Agenturmeldungen

Reform des Pflege-TÜV kommt - Heimbewertungen sollen besser werden

20.03.2019

Bislang ist der Pflege-TÜV mehr ein Ärgernis als eine Hilfe. Viel zu
oft gibt es sehr gute Noten für Pflegeheime in Deutschland. Nun gibt
es grünes Licht für eine Reform.

Berlin (dpa) - Nach jahrelangem Ringen startet im Herbst der neue
Pflege-TÜV für aussagekräftige Bewertungen von Pflegeheimen im
Internet. «Am 1. November beginnen in den Pflegeheimen endlich die
Prüfungen nach dem neuen Qualitätssystem», sagte Gernot Kiefer vom
Vorstand des GKV-Spitzenverbands der Deutschen Presse-Agentur in
Berlin. Pflegebedürftige und ihre Angehörigen sollen dadurch
aussagekräftige Bewertungen der Heime in Deutschland bekommen.

Die neu konzipierten Prüfungen sollen in eine informative Darstellung
über die Qualität der Pflegeheime münden. Abgelöst werden die
umstrittenen Pflegenoten, die so positiv ausfallen, dass kaum
Vergleiche möglich sind. Das zuständige Gremium, der erweiterte
Qualitätsausschuss von Krankenkassen und Heimbetreibern, gab in einer
internen Sitzung am Dienstagabend grünes Licht für die Reform, wie
die dpa aus Verhandlungskreisen erfuhr.

Kiefer sagte: «Bereits im Frühjahr 2020 werden erste Ergebnisse
veröffentlicht und bis Ende 2020 soll jedes Heim nach den neuen
Regeln geprüft worden sein.» Die neue Transparenz über die
Pflegequalität sei ein Fortschritt für die Bewohner und deren
Angehörige. «Sie war längst überfällig», betonte Kiefer.

Bereits 2015 hatte der Gesetzgeber die Pflegeeinrichtungen, -kassen
und Kommunen beauftragt, bis März 2017 ein neues Prüfverfahren zu
entwickeln. Aber es gab immer wieder Verzögerungen. Seit vergangenem
Herbst liegen den Heimbetreibern und Krankenkassen Empfehlungen von
Wissenschaftlern für einen neuen Pflege-TÜV vor.

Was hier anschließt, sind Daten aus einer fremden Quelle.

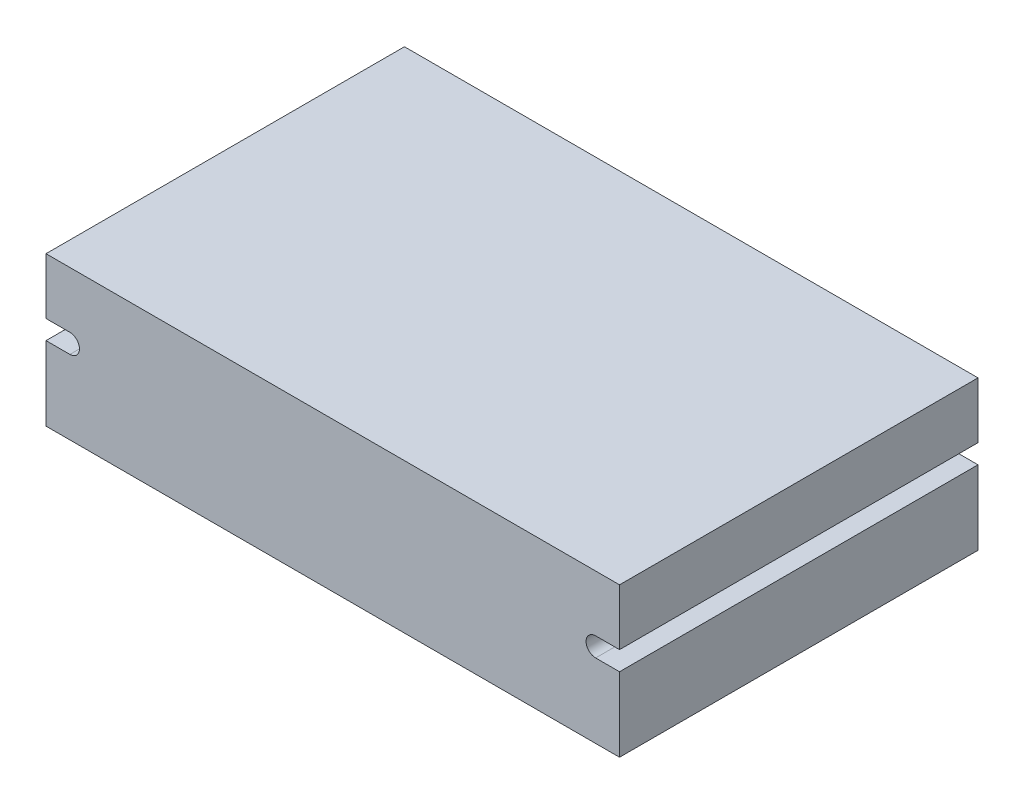
ISO-10303-21;
HEADER;
FILE_DESCRIPTION(('STEP AP214'),'2;1');
FILE_NAME('part.step','',(''),(''),'','','');
FILE_SCHEMA(('AUTOMOTIVE_DESIGN { 1 0 10303 214 1 1 1 1 }'));
ENDSEC;
DATA;
#1=APPLICATION_CONTEXT('core data for automotive mechanical design processes');
#2=APPLICATION_PROTOCOL_DEFINITION('international standard','automotive_design',2000,#1);
#3=PRODUCT_CONTEXT('',#1,'mechanical');
#4=PRODUCT('Part','Part','',(#3));
#5=PRODUCT_RELATED_PRODUCT_CATEGORY('part','',(#4));
#6=PRODUCT_DEFINITION_FORMATION('','',#4);
#7=PRODUCT_DEFINITION_CONTEXT('part definition',#1,'design');
#8=PRODUCT_DEFINITION('design','',#6,#7);
#9=PRODUCT_DEFINITION_SHAPE('','',#8);
#10=(LENGTH_UNIT() NAMED_UNIT(*) SI_UNIT(.MILLI.,.METRE.));
#11=(NAMED_UNIT(*) PLANE_ANGLE_UNIT() SI_UNIT($,.RADIAN.));
#12=(NAMED_UNIT(*) SI_UNIT($,.STERADIAN.) SOLID_ANGLE_UNIT());
#13=UNCERTAINTY_MEASURE_WITH_UNIT(LENGTH_MEASURE(1.E-05),#10,'distance_accuracy_value','');
#14=(GEOMETRIC_REPRESENTATION_CONTEXT(3) GLOBAL_UNCERTAINTY_ASSIGNED_CONTEXT((#13)) GLOBAL_UNIT_ASSIGNED_CONTEXT((#10,
#11,#12)) REPRESENTATION_CONTEXT('',''));
#15=CARTESIAN_POINT('',(0.,0.,0.));
#16=DIRECTION('',(0.,0.,1.));
#17=DIRECTION('',(1.,0.,0.));
#18=AXIS2_PLACEMENT_3D('',#15,#16,#17);
#19=CARTESIAN_POINT('',(0.,0.,60.));
#20=DIRECTION('',(1.,0.,0.));
#21=DIRECTION('',(0.,0.,-1.));
#22=AXIS2_PLACEMENT_3D('',#19,#20,#21);
#23=PLANE('',#22);
#24=DIRECTION('',(0.,-1.,0.));
#25=VECTOR('',#24,1.);
#26=CARTESIAN_POINT('',(0.,0.,0.));
#27=LINE('',#26,#25);
#28=CARTESIAN_POINT('',(0.,12.398749748951,0.));
#29=VERTEX_POINT('',#28);
#30=CARTESIAN_POINT('',(0.,0.,0.));
#31=VERTEX_POINT('',#30);
#32=EDGE_CURVE('E153',#29,#31,#27,.T.);
#33=ORIENTED_EDGE('',*,*,#32,.T.);
#34=DIRECTION('',(0.,0.,-1.));
#35=VECTOR('',#34,1.);
#36=CARTESIAN_POINT('',(0.,0.,60.));
#37=LINE('',#36,#35);
#38=CARTESIAN_POINT('',(0.,0.,60.));
#39=VERTEX_POINT('',#38);
#40=EDGE_CURVE('E11',#39,#31,#37,.T.);
#41=ORIENTED_EDGE('',*,*,#40,.F.);
#42=DIRECTION('',(0.,-1.,0.));
#43=VECTOR('',#42,1.);
#44=CARTESIAN_POINT('',(0.,0.,60.));
#45=LINE('',#44,#43);
#46=CARTESIAN_POINT('',(0.,12.398749748951,60.));
#47=VERTEX_POINT('',#46);
#48=EDGE_CURVE('E175',#47,#39,#45,.T.);
#49=ORIENTED_EDGE('',*,*,#48,.F.);
#50=DIRECTION('',(0.,0.,-1.));
#51=VECTOR('',#50,1.);
#52=CARTESIAN_POINT('',(0.,12.398749748951,60.));
#53=LINE('',#52,#51);
#54=EDGE_CURVE('E149',#47,#29,#53,.T.);
#55=ORIENTED_EDGE('',*,*,#54,.T.);
#56=EDGE_LOOP('',(#33,#41,#49,#55));
#57=FACE_BOUND('',#56,.T.);
#58=ADVANCED_FACE('F33',(#57),#23,.F.);
#59=CARTESIAN_POINT('',(0.,0.,60.));
#60=DIRECTION('',(0.,1.,0.));
#61=DIRECTION('',(0.,0.,1.));
#62=AXIS2_PLACEMENT_3D('',#59,#60,#61);
#63=PLANE('',#62);
#64=DIRECTION('',(1.,0.,0.));
#65=VECTOR('',#64,1.);
#66=CARTESIAN_POINT('',(0.,0.,0.));
#67=LINE('',#66,#65);
#68=CARTESIAN_POINT('',(96.,0.,0.));
#69=VERTEX_POINT('',#68);
#70=EDGE_CURVE('E156',#31,#69,#67,.T.);
#71=ORIENTED_EDGE('',*,*,#70,.T.);
#72=DIRECTION('',(0.,0.,-1.));
#73=VECTOR('',#72,1.);
#74=CARTESIAN_POINT('',(96.,0.,60.));
#75=LINE('',#74,#73);
#76=CARTESIAN_POINT('',(96.,0.,60.));
#77=VERTEX_POINT('',#76);
#78=EDGE_CURVE('E41',#77,#69,#75,.T.);
#79=ORIENTED_EDGE('',*,*,#78,.F.);
#80=DIRECTION('',(1.,0.,0.));
#81=VECTOR('',#80,1.);
#82=CARTESIAN_POINT('',(0.,0.,60.));
#83=LINE('',#82,#81);
#84=EDGE_CURVE('E104',#39,#77,#83,.T.);
#85=ORIENTED_EDGE('',*,*,#84,.F.);
#86=ORIENTED_EDGE('',*,*,#40,.T.);
#87=EDGE_LOOP('',(#71,#79,#85,#86));
#88=FACE_BOUND('',#87,.T.);
#89=ADVANCED_FACE('F253',(#88),#63,.F.);
#90=CARTESIAN_POINT('',(96.,0.,60.));
#91=DIRECTION('',(-1.,0.,0.));
#92=DIRECTION('',(0.,0.,1.));
#93=AXIS2_PLACEMENT_3D('',#90,#91,#92);
#94=PLANE('',#93);
#95=DIRECTION('',(0.,1.,0.));
#96=VECTOR('',#95,1.);
#97=CARTESIAN_POINT('',(96.,0.,0.));
#98=LINE('',#97,#96);
#99=CARTESIAN_POINT('',(96.,12.398749748951,0.));
#100=VERTEX_POINT('',#99);
#101=EDGE_CURVE('E158',#69,#100,#98,.T.);
#102=ORIENTED_EDGE('',*,*,#101,.T.);
#103=DIRECTION('',(0.,0.,-1.));
#104=VECTOR('',#103,1.);
#105=CARTESIAN_POINT('',(96.,12.398749748951,60.));
#106=LINE('',#105,#104);
#107=CARTESIAN_POINT('',(96.,12.398749748951,60.));
#108=VERTEX_POINT('',#107);
#109=EDGE_CURVE('E194',#108,#100,#106,.T.);
#110=ORIENTED_EDGE('',*,*,#109,.F.);
#111=DIRECTION('',(0.,1.,0.));
#112=VECTOR('',#111,1.);
#113=CARTESIAN_POINT('',(96.,0.,60.));
#114=LINE('',#113,#112);
#115=EDGE_CURVE('E202',#77,#108,#114,.T.);
#116=ORIENTED_EDGE('',*,*,#115,.F.);
#117=ORIENTED_EDGE('',*,*,#78,.T.);
#118=EDGE_LOOP('',(#102,#110,#116,#117));
#119=FACE_BOUND('',#118,.T.);
#120=ADVANCED_FACE('F200',(#119),#94,.F.);
#121=CARTESIAN_POINT('',(96.,12.398749748951,60.));
#122=DIRECTION('',(0.,-1.,0.));
#123=DIRECTION('',(0.,0.,-1.));
#124=AXIS2_PLACEMENT_3D('',#121,#122,#123);
#125=PLANE('',#124);
#126=DIRECTION('',(-1.,0.,0.));
#127=VECTOR('',#126,1.);
#128=CARTESIAN_POINT('',(96.,12.398749748951,0.));
#129=LINE('',#128,#127);
#130=CARTESIAN_POINT('',(92.,12.398749748951,0.));
#131=VERTEX_POINT('',#130);
#132=EDGE_CURVE('E160',#100,#131,#129,.T.);
#133=ORIENTED_EDGE('',*,*,#132,.T.);
#134=DIRECTION('',(0.,0.,-1.));
#135=VECTOR('',#134,1.);
#136=CARTESIAN_POINT('',(92.,12.398749748951,60.));
#137=LINE('',#136,#135);
#138=CARTESIAN_POINT('',(92.,12.398749748951,60.));
#139=VERTEX_POINT('',#138);
#140=EDGE_CURVE('E191',#139,#131,#137,.T.);
#141=ORIENTED_EDGE('',*,*,#140,.F.);
#142=DIRECTION('',(-1.,0.,0.));
#143=VECTOR('',#142,1.);
#144=CARTESIAN_POINT('',(96.,12.398749748951,60.));
#145=LINE('',#144,#143);
#146=EDGE_CURVE('E220',#108,#139,#145,.T.);
#147=ORIENTED_EDGE('',*,*,#146,.F.);
#148=ORIENTED_EDGE('',*,*,#109,.T.);
#149=EDGE_LOOP('',(#133,#141,#147,#148));
#150=FACE_BOUND('',#149,.T.);
#151=ADVANCED_FACE('F211',(#150),#125,.F.);
#152=CARTESIAN_POINT('',(92.,14.,60.));
#153=DIRECTION('',(0.,0.,-1.));
#154=DIRECTION('',(-1.,0.,0.));
#155=AXIS2_PLACEMENT_3D('',#152,#153,#154);
#156=CYLINDRICAL_SURFACE('',#155,1.60125025104899);
#157=CARTESIAN_POINT('',(92.,14.,0.));
#158=DIRECTION('',(0.,0.,-1.));
#159=DIRECTION('',(-1.,0.,0.));
#160=AXIS2_PLACEMENT_3D('',#157,#158,#159);
#161=CIRCLE('',#160,1.60125025104899);
#162=CARTESIAN_POINT('',(92.,15.601250251049,0.));
#163=VERTEX_POINT('',#162);
#164=EDGE_CURVE('E162',#131,#163,#161,.T.);
#165=ORIENTED_EDGE('',*,*,#164,.T.);
#166=DIRECTION('',(0.,0.,-1.));
#167=VECTOR('',#166,1.);
#168=CARTESIAN_POINT('',(92.,15.601250251049,60.));
#169=LINE('',#168,#167);
#170=CARTESIAN_POINT('',(92.,15.601250251049,60.));
#171=VERTEX_POINT('',#170);
#172=EDGE_CURVE('E188',#171,#163,#169,.T.);
#173=ORIENTED_EDGE('',*,*,#172,.F.);
#174=CARTESIAN_POINT('',(92.,14.,60.));
#175=DIRECTION('',(0.,0.,-1.));
#176=DIRECTION('',(-1.,0.,0.));
#177=AXIS2_PLACEMENT_3D('',#174,#175,#176);
#178=CIRCLE('',#177,1.60125025104899);
#179=EDGE_CURVE('E217',#139,#171,#178,.T.);
#180=ORIENTED_EDGE('',*,*,#179,.F.);
#181=ORIENTED_EDGE('',*,*,#140,.T.);
#182=EDGE_LOOP('',(#165,#173,#180,#181));
#183=FACE_BOUND('',#182,.T.);
#184=ADVANCED_FACE('F215',(#183),#156,.F.);
#185=CARTESIAN_POINT('',(96.,15.601250251049,60.));
#186=DIRECTION('',(0.,1.,0.));
#187=DIRECTION('',(0.,0.,1.));
#188=AXIS2_PLACEMENT_3D('',#185,#186,#187);
#189=PLANE('',#188);
#190=DIRECTION('',(1.,0.,0.));
#191=VECTOR('',#190,1.);
#192=CARTESIAN_POINT('',(96.,15.601250251049,0.));
#193=LINE('',#192,#191);
#194=CARTESIAN_POINT('',(96.,15.601250251049,0.));
#195=VERTEX_POINT('',#194);
#196=EDGE_CURVE('E164',#163,#195,#193,.T.);
#197=ORIENTED_EDGE('',*,*,#196,.T.);
#198=DIRECTION('',(0.,0.,-1.));
#199=VECTOR('',#198,1.);
#200=CARTESIAN_POINT('',(96.,15.601250251049,60.));
#201=LINE('',#200,#199);
#202=CARTESIAN_POINT('',(96.,15.601250251049,60.));
#203=VERTEX_POINT('',#202);
#204=EDGE_CURVE('E185',#203,#195,#201,.T.);
#205=ORIENTED_EDGE('',*,*,#204,.F.);
#206=DIRECTION('',(1.,0.,0.));
#207=VECTOR('',#206,1.);
#208=CARTESIAN_POINT('',(96.,15.601250251049,60.));
#209=LINE('',#208,#207);
#210=EDGE_CURVE('E219',#171,#203,#209,.T.);
#211=ORIENTED_EDGE('',*,*,#210,.F.);
#212=ORIENTED_EDGE('',*,*,#172,.T.);
#213=EDGE_LOOP('',(#197,#205,#211,#212));
#214=FACE_BOUND('',#213,.T.);
#215=ADVANCED_FACE('F266',(#214),#189,.F.);
#216=CARTESIAN_POINT('',(96.,15.601250251049,60.));
#217=DIRECTION('',(-1.,0.,0.));
#218=DIRECTION('',(0.,0.,1.));
#219=AXIS2_PLACEMENT_3D('',#216,#217,#218);
#220=PLANE('',#219);
#221=DIRECTION('',(0.,1.,0.));
#222=VECTOR('',#221,1.);
#223=CARTESIAN_POINT('',(96.,15.601250251049,0.));
#224=LINE('',#223,#222);
#225=CARTESIAN_POINT('',(96.,25.,0.));
#226=VERTEX_POINT('',#225);
#227=EDGE_CURVE('E166',#195,#226,#224,.T.);
#228=ORIENTED_EDGE('',*,*,#227,.T.);
#229=DIRECTION('',(0.,0.,-1.));
#230=VECTOR('',#229,1.);
#231=CARTESIAN_POINT('',(96.,25.,60.));
#232=LINE('',#231,#230);
#233=CARTESIAN_POINT('',(96.,25.,60.));
#234=VERTEX_POINT('',#233);
#235=EDGE_CURVE('E182',#234,#226,#232,.T.);
#236=ORIENTED_EDGE('',*,*,#235,.F.);
#237=DIRECTION('',(0.,1.,0.));
#238=VECTOR('',#237,1.);
#239=CARTESIAN_POINT('',(96.,15.601250251049,60.));
#240=LINE('',#239,#238);
#241=EDGE_CURVE('E222',#203,#234,#240,.T.);
#242=ORIENTED_EDGE('',*,*,#241,.F.);
#243=ORIENTED_EDGE('',*,*,#204,.T.);
#244=EDGE_LOOP('',(#228,#236,#242,#243));
#245=FACE_BOUND('',#244,.T.);
#246=ADVANCED_FACE('F269',(#245),#220,.F.);
#247=CARTESIAN_POINT('',(0.,25.,60.));
#248=DIRECTION('',(0.,-1.,0.));
#249=DIRECTION('',(0.,0.,-1.));
#250=AXIS2_PLACEMENT_3D('',#247,#248,#249);
#251=PLANE('',#250);
#252=DIRECTION('',(-1.,0.,0.));
#253=VECTOR('',#252,1.);
#254=CARTESIAN_POINT('',(0.,25.,0.));
#255=LINE('',#254,#253);
#256=CARTESIAN_POINT('',(0.,25.,0.));
#257=VERTEX_POINT('',#256);
#258=EDGE_CURVE('E168',#226,#257,#255,.T.);
#259=ORIENTED_EDGE('',*,*,#258,.T.);
#260=DIRECTION('',(0.,0.,-1.));
#261=VECTOR('',#260,1.);
#262=CARTESIAN_POINT('',(0.,25.,60.));
#263=LINE('',#262,#261);
#264=CARTESIAN_POINT('',(0.,25.,60.));
#265=VERTEX_POINT('',#264);
#266=EDGE_CURVE('E179',#265,#257,#263,.T.);
#267=ORIENTED_EDGE('',*,*,#266,.F.);
#268=DIRECTION('',(-1.,0.,0.));
#269=VECTOR('',#268,1.);
#270=CARTESIAN_POINT('',(0.,25.,60.));
#271=LINE('',#270,#269);
#272=EDGE_CURVE('E228',#234,#265,#271,.T.);
#273=ORIENTED_EDGE('',*,*,#272,.F.);
#274=ORIENTED_EDGE('',*,*,#235,.T.);
#275=EDGE_LOOP('',(#259,#267,#273,#274));
#276=FACE_BOUND('',#275,.T.);
#277=ADVANCED_FACE('F234',(#276),#251,.F.);
#278=CARTESIAN_POINT('',(0.,15.601250251049,60.));
#279=DIRECTION('',(1.,0.,0.));
#280=DIRECTION('',(0.,0.,-1.));
#281=AXIS2_PLACEMENT_3D('',#278,#279,#280);
#282=PLANE('',#281);
#283=DIRECTION('',(0.,-1.,0.));
#284=VECTOR('',#283,1.);
#285=CARTESIAN_POINT('',(0.,15.601250251049,0.));
#286=LINE('',#285,#284);
#287=CARTESIAN_POINT('',(0.,15.601250251049,0.));
#288=VERTEX_POINT('',#287);
#289=EDGE_CURVE('E170',#257,#288,#286,.T.);
#290=ORIENTED_EDGE('',*,*,#289,.T.);
#291=DIRECTION('',(0.,0.,-1.));
#292=VECTOR('',#291,1.);
#293=CARTESIAN_POINT('',(0.,15.601250251049,60.));
#294=LINE('',#293,#292);
#295=CARTESIAN_POINT('',(0.,15.601250251049,60.));
#296=VERTEX_POINT('',#295);
#297=EDGE_CURVE('E144',#296,#288,#294,.T.);
#298=ORIENTED_EDGE('',*,*,#297,.F.);
#299=DIRECTION('',(0.,-1.,0.));
#300=VECTOR('',#299,1.);
#301=CARTESIAN_POINT('',(0.,15.601250251049,60.));
#302=LINE('',#301,#300);
#303=EDGE_CURVE('E135',#265,#296,#302,.T.);
#304=ORIENTED_EDGE('',*,*,#303,.F.);
#305=ORIENTED_EDGE('',*,*,#266,.T.);
#306=EDGE_LOOP('',(#290,#298,#304,#305));
#307=FACE_BOUND('',#306,.T.);
#308=ADVANCED_FACE('F238',(#307),#282,.F.);
#309=CARTESIAN_POINT('',(0.,15.601250251049,60.));
#310=DIRECTION('',(0.,1.,0.));
#311=DIRECTION('',(0.,0.,1.));
#312=AXIS2_PLACEMENT_3D('',#309,#310,#311);
#313=PLANE('',#312);
#314=DIRECTION('',(1.,0.,0.));
#315=VECTOR('',#314,1.);
#316=CARTESIAN_POINT('',(0.,15.601250251049,0.));
#317=LINE('',#316,#315);
#318=CARTESIAN_POINT('',(4.,15.601250251049,0.));
#319=VERTEX_POINT('',#318);
#320=EDGE_CURVE('E143',#288,#319,#317,.T.);
#321=ORIENTED_EDGE('',*,*,#320,.T.);
#322=DIRECTION('',(0.,0.,-1.));
#323=VECTOR('',#322,1.);
#324=CARTESIAN_POINT('',(4.,15.601250251049,60.));
#325=LINE('',#324,#323);
#326=CARTESIAN_POINT('',(4.,15.601250251049,60.));
#327=VERTEX_POINT('',#326);
#328=EDGE_CURVE('E140',#327,#319,#325,.T.);
#329=ORIENTED_EDGE('',*,*,#328,.F.);
#330=DIRECTION('',(1.,0.,0.));
#331=VECTOR('',#330,1.);
#332=CARTESIAN_POINT('',(0.,15.601250251049,60.));
#333=LINE('',#332,#331);
#334=EDGE_CURVE('E129',#296,#327,#333,.T.);
#335=ORIENTED_EDGE('',*,*,#334,.F.);
#336=ORIENTED_EDGE('',*,*,#297,.T.);
#337=EDGE_LOOP('',(#321,#329,#335,#336));
#338=FACE_BOUND('',#337,.T.);
#339=ADVANCED_FACE('F141',(#338),#313,.F.);
#340=CARTESIAN_POINT('',(4.,14.,60.));
#341=DIRECTION('',(0.,0.,-1.));
#342=DIRECTION('',(-1.,0.,0.));
#343=AXIS2_PLACEMENT_3D('',#340,#341,#342);
#344=CYLINDRICAL_SURFACE('',#343,1.60125025104899);
#345=CARTESIAN_POINT('',(4.,14.,0.));
#346=DIRECTION('',(0.,0.,-1.));
#347=DIRECTION('',(1.,0.,0.));
#348=AXIS2_PLACEMENT_3D('',#345,#346,#347);
#349=CIRCLE('',#348,1.60125025104899);
#350=CARTESIAN_POINT('',(4.,12.398749748951,0.));
#351=VERTEX_POINT('',#350);
#352=EDGE_CURVE('E90',#319,#351,#349,.T.);
#353=ORIENTED_EDGE('',*,*,#352,.T.);
#354=DIRECTION('',(0.,0.,-1.));
#355=VECTOR('',#354,1.);
#356=CARTESIAN_POINT('',(4.,12.398749748951,60.));
#357=LINE('',#356,#355);
#358=CARTESIAN_POINT('',(4.,12.398749748951,60.));
#359=VERTEX_POINT('',#358);
#360=EDGE_CURVE('E145',#359,#351,#357,.T.);
#361=ORIENTED_EDGE('',*,*,#360,.F.);
#362=CARTESIAN_POINT('',(4.,14.,60.));
#363=DIRECTION('',(0.,0.,-1.));
#364=DIRECTION('',(1.,0.,0.));
#365=AXIS2_PLACEMENT_3D('',#362,#363,#364);
#366=CIRCLE('',#365,1.60125025104899);
#367=EDGE_CURVE('E133',#327,#359,#366,.T.);
#368=ORIENTED_EDGE('',*,*,#367,.F.);
#369=ORIENTED_EDGE('',*,*,#328,.T.);
#370=EDGE_LOOP('',(#353,#361,#368,#369));
#371=FACE_BOUND('',#370,.T.);
#372=ADVANCED_FACE('F147',(#371),#344,.F.);
#373=CARTESIAN_POINT('',(0.,12.398749748951,60.));
#374=DIRECTION('',(0.,-1.,0.));
#375=DIRECTION('',(0.,0.,-1.));
#376=AXIS2_PLACEMENT_3D('',#373,#374,#375);
#377=PLANE('',#376);
#378=DIRECTION('',(-1.,0.,0.));
#379=VECTOR('',#378,1.);
#380=CARTESIAN_POINT('',(0.,12.398749748951,0.));
#381=LINE('',#380,#379);
#382=EDGE_CURVE('E96',#351,#29,#381,.T.);
#383=ORIENTED_EDGE('',*,*,#382,.T.);
#384=ORIENTED_EDGE('',*,*,#54,.F.);
#385=DIRECTION('',(-1.,0.,0.));
#386=VECTOR('',#385,1.);
#387=CARTESIAN_POINT('',(0.,12.398749748951,60.));
#388=LINE('',#387,#386);
#389=EDGE_CURVE('E49',#359,#47,#388,.T.);
#390=ORIENTED_EDGE('',*,*,#389,.F.);
#391=ORIENTED_EDGE('',*,*,#360,.T.);
#392=EDGE_LOOP('',(#383,#384,#390,#391));
#393=FACE_BOUND('',#392,.T.);
#394=ADVANCED_FACE('F242',(#393),#377,.F.);
#395=CARTESIAN_POINT('',(4.,14.,60.));
#396=DIRECTION('',(0.,0.,1.));
#397=DIRECTION('',(1.,0.,0.));
#398=AXIS2_PLACEMENT_3D('',#395,#396,#397);
#399=PLANE('',#398);
#400=ORIENTED_EDGE('',*,*,#48,.T.);
#401=ORIENTED_EDGE('',*,*,#84,.T.);
#402=ORIENTED_EDGE('',*,*,#115,.T.);
#403=ORIENTED_EDGE('',*,*,#146,.T.);
#404=ORIENTED_EDGE('',*,*,#179,.T.);
#405=ORIENTED_EDGE('',*,*,#210,.T.);
#406=ORIENTED_EDGE('',*,*,#241,.T.);
#407=ORIENTED_EDGE('',*,*,#272,.T.);
#408=ORIENTED_EDGE('',*,*,#303,.T.);
#409=ORIENTED_EDGE('',*,*,#334,.T.);
#410=ORIENTED_EDGE('',*,*,#367,.T.);
#411=ORIENTED_EDGE('',*,*,#389,.T.);
#412=EDGE_LOOP('',(#400,#401,#402,#403,#404,#405,#406,#407,#408,#409,#410,#411));
#413=FACE_BOUND('',#412,.T.);
#414=ADVANCED_FACE('F131',(#413),#399,.T.);
#415=CARTESIAN_POINT('',(4.,14.,0.));
#416=DIRECTION('',(0.,0.,1.));
#417=DIRECTION('',(1.,0.,0.));
#418=AXIS2_PLACEMENT_3D('',#415,#416,#417);
#419=PLANE('',#418);
#420=ORIENTED_EDGE('',*,*,#32,.F.);
#421=ORIENTED_EDGE('',*,*,#382,.F.);
#422=ORIENTED_EDGE('',*,*,#352,.F.);
#423=ORIENTED_EDGE('',*,*,#320,.F.);
#424=ORIENTED_EDGE('',*,*,#289,.F.);
#425=ORIENTED_EDGE('',*,*,#258,.F.);
#426=ORIENTED_EDGE('',*,*,#227,.F.);
#427=ORIENTED_EDGE('',*,*,#196,.F.);
#428=ORIENTED_EDGE('',*,*,#164,.F.);
#429=ORIENTED_EDGE('',*,*,#132,.F.);
#430=ORIENTED_EDGE('',*,*,#101,.F.);
#431=ORIENTED_EDGE('',*,*,#70,.F.);
#432=EDGE_LOOP('',(#420,#421,#422,#423,#424,#425,#426,#427,#428,#429,#430,#431));
#433=FACE_BOUND('',#432,.T.);
#434=ADVANCED_FACE('F206',(#433),#419,.F.);
#435=CLOSED_SHELL('',(#58,#89,#120,#151,#184,#215,#246,#277,#308,#339,#372,#394,#414,#434));
#436=MANIFOLD_SOLID_BREP('B2',#435);
#437=ADVANCED_BREP_SHAPE_REPRESENTATION('',(#18,#436),#14);
#438=SHAPE_DEFINITION_REPRESENTATION(#9,#437);
ENDSEC;
END-ISO-10303-21;

Die Situation in den
Einrichtungen soll erstmals realistisch erfasst und für alle
verständlich dargestellt werden.

Gemessen werden soll zum Beispiel, wie gut es einem Heim gelingt, die
Mobilität und Selbstständigkeit im Alltag der Bewohner zu erhalten
oder schwere Stürze zu vermeiden. Deutlich soll etwa auch werden, ob
in einem Heim zum Beispiel seit langer Zeit kein Bewohner mehr wund
gelegen ist. Kiefer sagte, das neue System biete umfassende
Orientierung durch eine Vielzahl von Informationen.

«Gute und weniger gute Qualität wird erkennbar», versprach der
Vorstandsvertreter des Kassen-Spitzenverbands. Neben den Ergebnissen
der Prüfungen durch den Medizinischen Dienst der Kassen sollen
weitere Informationen in die Darstellung der Qualität der Heime
eingehen. So sollen die Einrichtungen selbst zentrale Kriterien
messen und diese Informationen dann weitergeben.

Die veralteten Pflegenoten sollen noch so lange einzusehen sein, bis
sie durch die aktuelle Informationen ersetzt werden. Bereitgestellt
werden sollen die Informationen in Portalen der gesetzlichen Kranken-
und Pflegekassen wie dem «Pflegelotsen». In den Pflegeeinrichtungen
sollen die Infos über die Qualität auch aushängen.